Monday, March 17, 2014

Cosmos presents evolution

The second episode of the new Cosmos series is Some of the Things That Molecules Do.

It's about evolution and it's not bad. I have four comments.

A missed opportunity. Natural selection is important and Neil deGrasse Tyson did a pretty good job of explaining it. It wouldn't have taken a big effort to mention that there's more to evolution than natural selection. He could, for example, have pointed out that some breeds of dogs are prone to certain genetic diseases or health problems because some bad mutations were accidentally fixed alone with the good ones. He could have pointed out that our eyes have a blind spot.

The Theory of Evolution is not a fact. Neil deGrasse Tyson said that the theory of evolution is a fact. This is not correct. Evolution is a fact. Evolutionary theory attempts to explain how evolution occurs. Some of the explanations, like natural selection, are facts but many aspects of modern evolutionary theory are still hotly debated in the scientific community.
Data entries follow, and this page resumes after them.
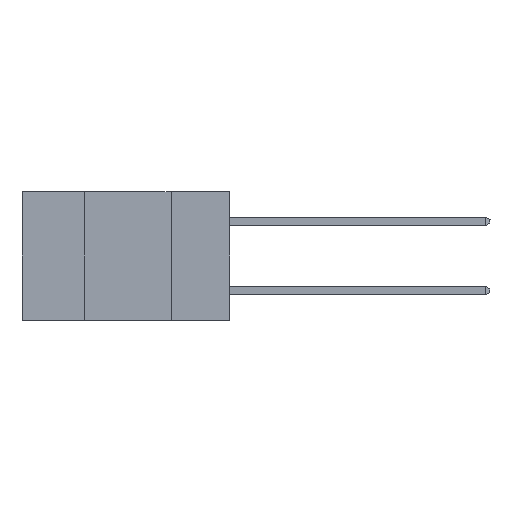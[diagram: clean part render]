
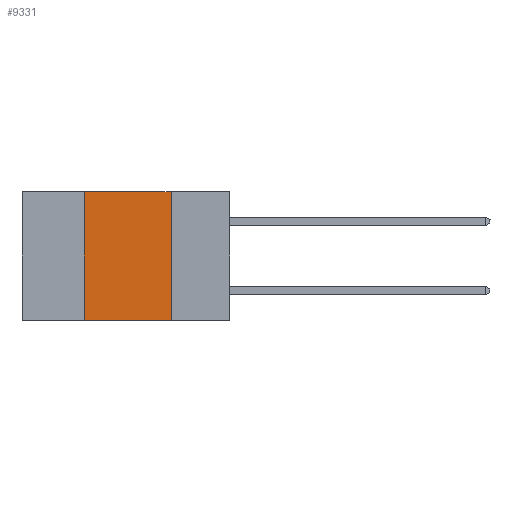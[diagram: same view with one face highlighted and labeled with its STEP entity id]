
A CAD part, left-side view. The second image highlights one B-rep face of the part: STEP entity #9331.
In plain terms, the highlighted planar face has unit normal (-1, 0, 0).
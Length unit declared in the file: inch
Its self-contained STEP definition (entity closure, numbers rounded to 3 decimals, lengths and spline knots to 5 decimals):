
#122 = CARTESIAN_POINT ( 'NONE',  ( 0., 0.42, -0.37 ) ) ;
#947 = PLANE ( 'NONE',  #3800 ) ;
#1335 = CARTESIAN_POINT ( 'NONE',  ( 0., 0.6, 0. ) ) ;
#1912 = CARTESIAN_POINT ( 'NONE',  ( 0., 0.17, -0.37 ) ) ;
#2095 = FACE_OUTER_BOUND ( 'NONE', #6985, .T. ) ;
#2100 = ORIENTED_EDGE ( 'NONE', *, *, #2627, .F. ) ;
#2165 = DIRECTION ( 'NONE',  ( 1., 0., 0. ) ) ;
#2270 = CARTESIAN_POINT ( 'NONE',  ( 0., 0.17, 0. ) ) ;
#2290 = EDGE_CURVE ( 'NONE', #2464, #7900, #9483, .T. ) ;
#2464 = VERTEX_POINT ( 'NONE', #12929 ) ;
#2568 = EDGE_CURVE ( 'NONE', #2464, #6101, #10289, .T. ) ;
#2627 = EDGE_CURVE ( 'NONE', #6469, #6101, #12262, .T. ) ;
#3800 = AXIS2_PLACEMENT_3D ( 'NONE', #10337, #2165, #9126 ) ;
#4443 = LINE ( 'NONE', #1335, #12249 ) ;
#4587 = ORIENTED_EDGE ( 'NONE', *, *, #11261, .F. ) ;
#4700 = VECTOR ( 'NONE', #12531, 39.37008 ) ;
#6101 = VERTEX_POINT ( 'NONE', #1912 ) ;
#6469 = VERTEX_POINT ( 'NONE', #2270 ) ;
#6985 = EDGE_LOOP ( 'NONE', ( #2100, #4587, #13300, #8543 ) ) ;
#7002 = CARTESIAN_POINT ( 'NONE',  ( 0., 0.17, -0.37 ) ) ;
#7900 = VERTEX_POINT ( 'NONE', #12304 ) ;
#8283 = VECTOR ( 'NONE', #9143, 39.37008 ) ;
#8543 = ORIENTED_EDGE ( 'NONE', *, *, #2568, .T. ) ;
#9085 = DIRECTION ( 'NONE',  ( 0., -1., 0. ) ) ;
#9126 = DIRECTION ( 'NONE',  ( 0., 0., -1. ) ) ;
#9143 = DIRECTION ( 'NONE',  ( 0., 0., -1. ) ) ;
#9331 = ADVANCED_FACE ( 'NONE', ( #2095 ), #947, .F. ) ;
#9483 = LINE ( 'NONE', #122, #4700 ) ;
#10160 = CARTESIAN_POINT ( 'NONE',  ( 0., 0.6, -0.37 ) ) ;
#10289 = LINE ( 'NONE', #10160, #12593 ) ;
#10337 = CARTESIAN_POINT ( 'NONE',  ( 0., 0.6, 0. ) ) ;
#10525 = DIRECTION ( 'NONE',  ( 0., -1., 0. ) ) ;
#11261 = EDGE_CURVE ( 'NONE', #7900, #6469, #4443, .T. ) ;
#12249 = VECTOR ( 'NONE', #10525, 39.37008 ) ;
#12262 = LINE ( 'NONE', #7002, #8283 ) ;
#12304 = CARTESIAN_POINT ( 'NONE',  ( 0., 0.42, 0. ) ) ;
#12531 = DIRECTION ( 'NONE',  ( 0., 0., 1. ) ) ;
#12593 = VECTOR ( 'NONE', #9085, 39.37008 ) ;
#12929 = CARTESIAN_POINT ( 'NONE',  ( 0., 0.42, -0.37 ) ) ;
#13300 = ORIENTED_EDGE ( 'NONE', *, *, #2290, .F. ) ;
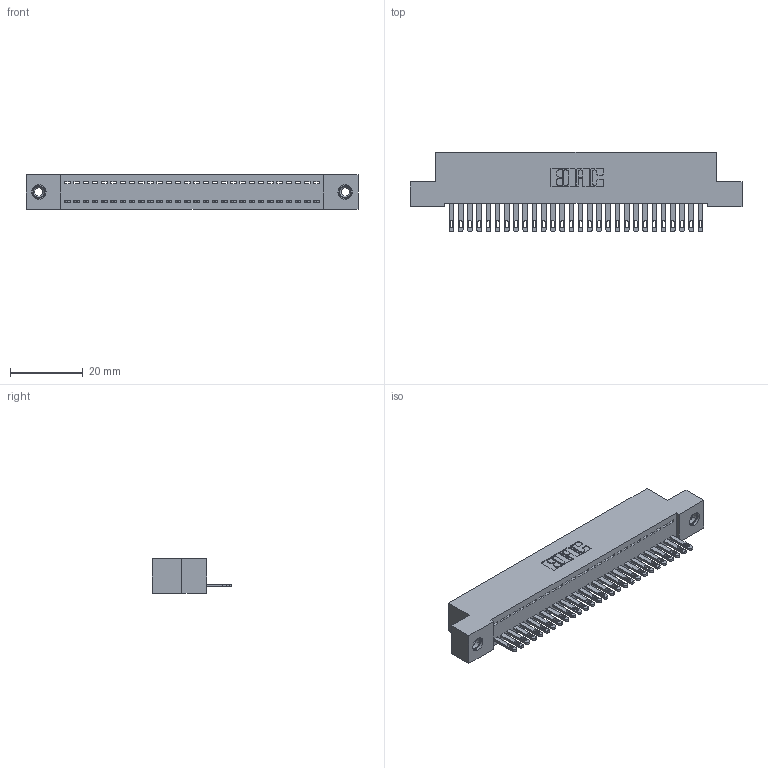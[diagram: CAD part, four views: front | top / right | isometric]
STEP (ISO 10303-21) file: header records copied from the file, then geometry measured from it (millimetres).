
FILE_DESCRIPTION (( 'STEP AP203' ), '1' );
FILE_NAME ('892-028-500-108.STEP', '2020-09-21T14:52:21', ( '' ), ( '' ), 'SwSTEP 2.0', 'SolidWorks 2020', '' );
FILE_SCHEMA (( 'CONFIG_CONTROL_DESIGN' ));
Length unit declared in the file: inch
Products named in the file (4): 842 Part_TI; 892-028-500-108; 345-292-001_345-293-100; 345-250-001_345-250-003-102
Assembly tree (31 placements, depth 2):
  892-028-500-108
    842 Part_TI
    345-292-001_345-293-100  x28
    345-250-001_345-250-003-102  x2
Bounding box: 91.44 x 21.85 x 9.4 mm (x, y, z)
Volume: 7977.5 mm3; surface area: 11526.2 mm2
Topology: 31 solids, 31 shells, 1682 faces, 5139 edges, 3418 vertices
Faces by surface type: plane 1106, cylinder 560, cone 12, torus 4
Entity records: 19912 total; most frequent: CARTESIAN_POINT 3417, ORIENTED_EDGE 3374, DIRECTION 2945, EDGE_CURVE 1687, VECTOR 1535, LINE 1535, VERTEX_POINT 1120, AXIS2_PLACEMENT_3D 705

We don't understand the origin of life. The episode closed with deGrasse Tyson saying the we don't understand how life began and there's nothing wrong with admitting that we don't know something. Excellent!

There are better ways of drawing DNA. I don't like the way DNA is pictured in the first two episodes, especially in the opening sequence. It looks like the bases grow out of the backbone and fuse to form base pairs. They could have drawn a more accurate representation without losing any visual appeal.

I give the episode a B+.


16 comments :

  1. I have this recorded on my DVR and haven't gotten around to watching it yet. Glad I could read your take on it before I did. Does he make any mention of ideas that aren't over 100 years old (selection-driven evolution)? Bad representations of DNA drive me crazy too.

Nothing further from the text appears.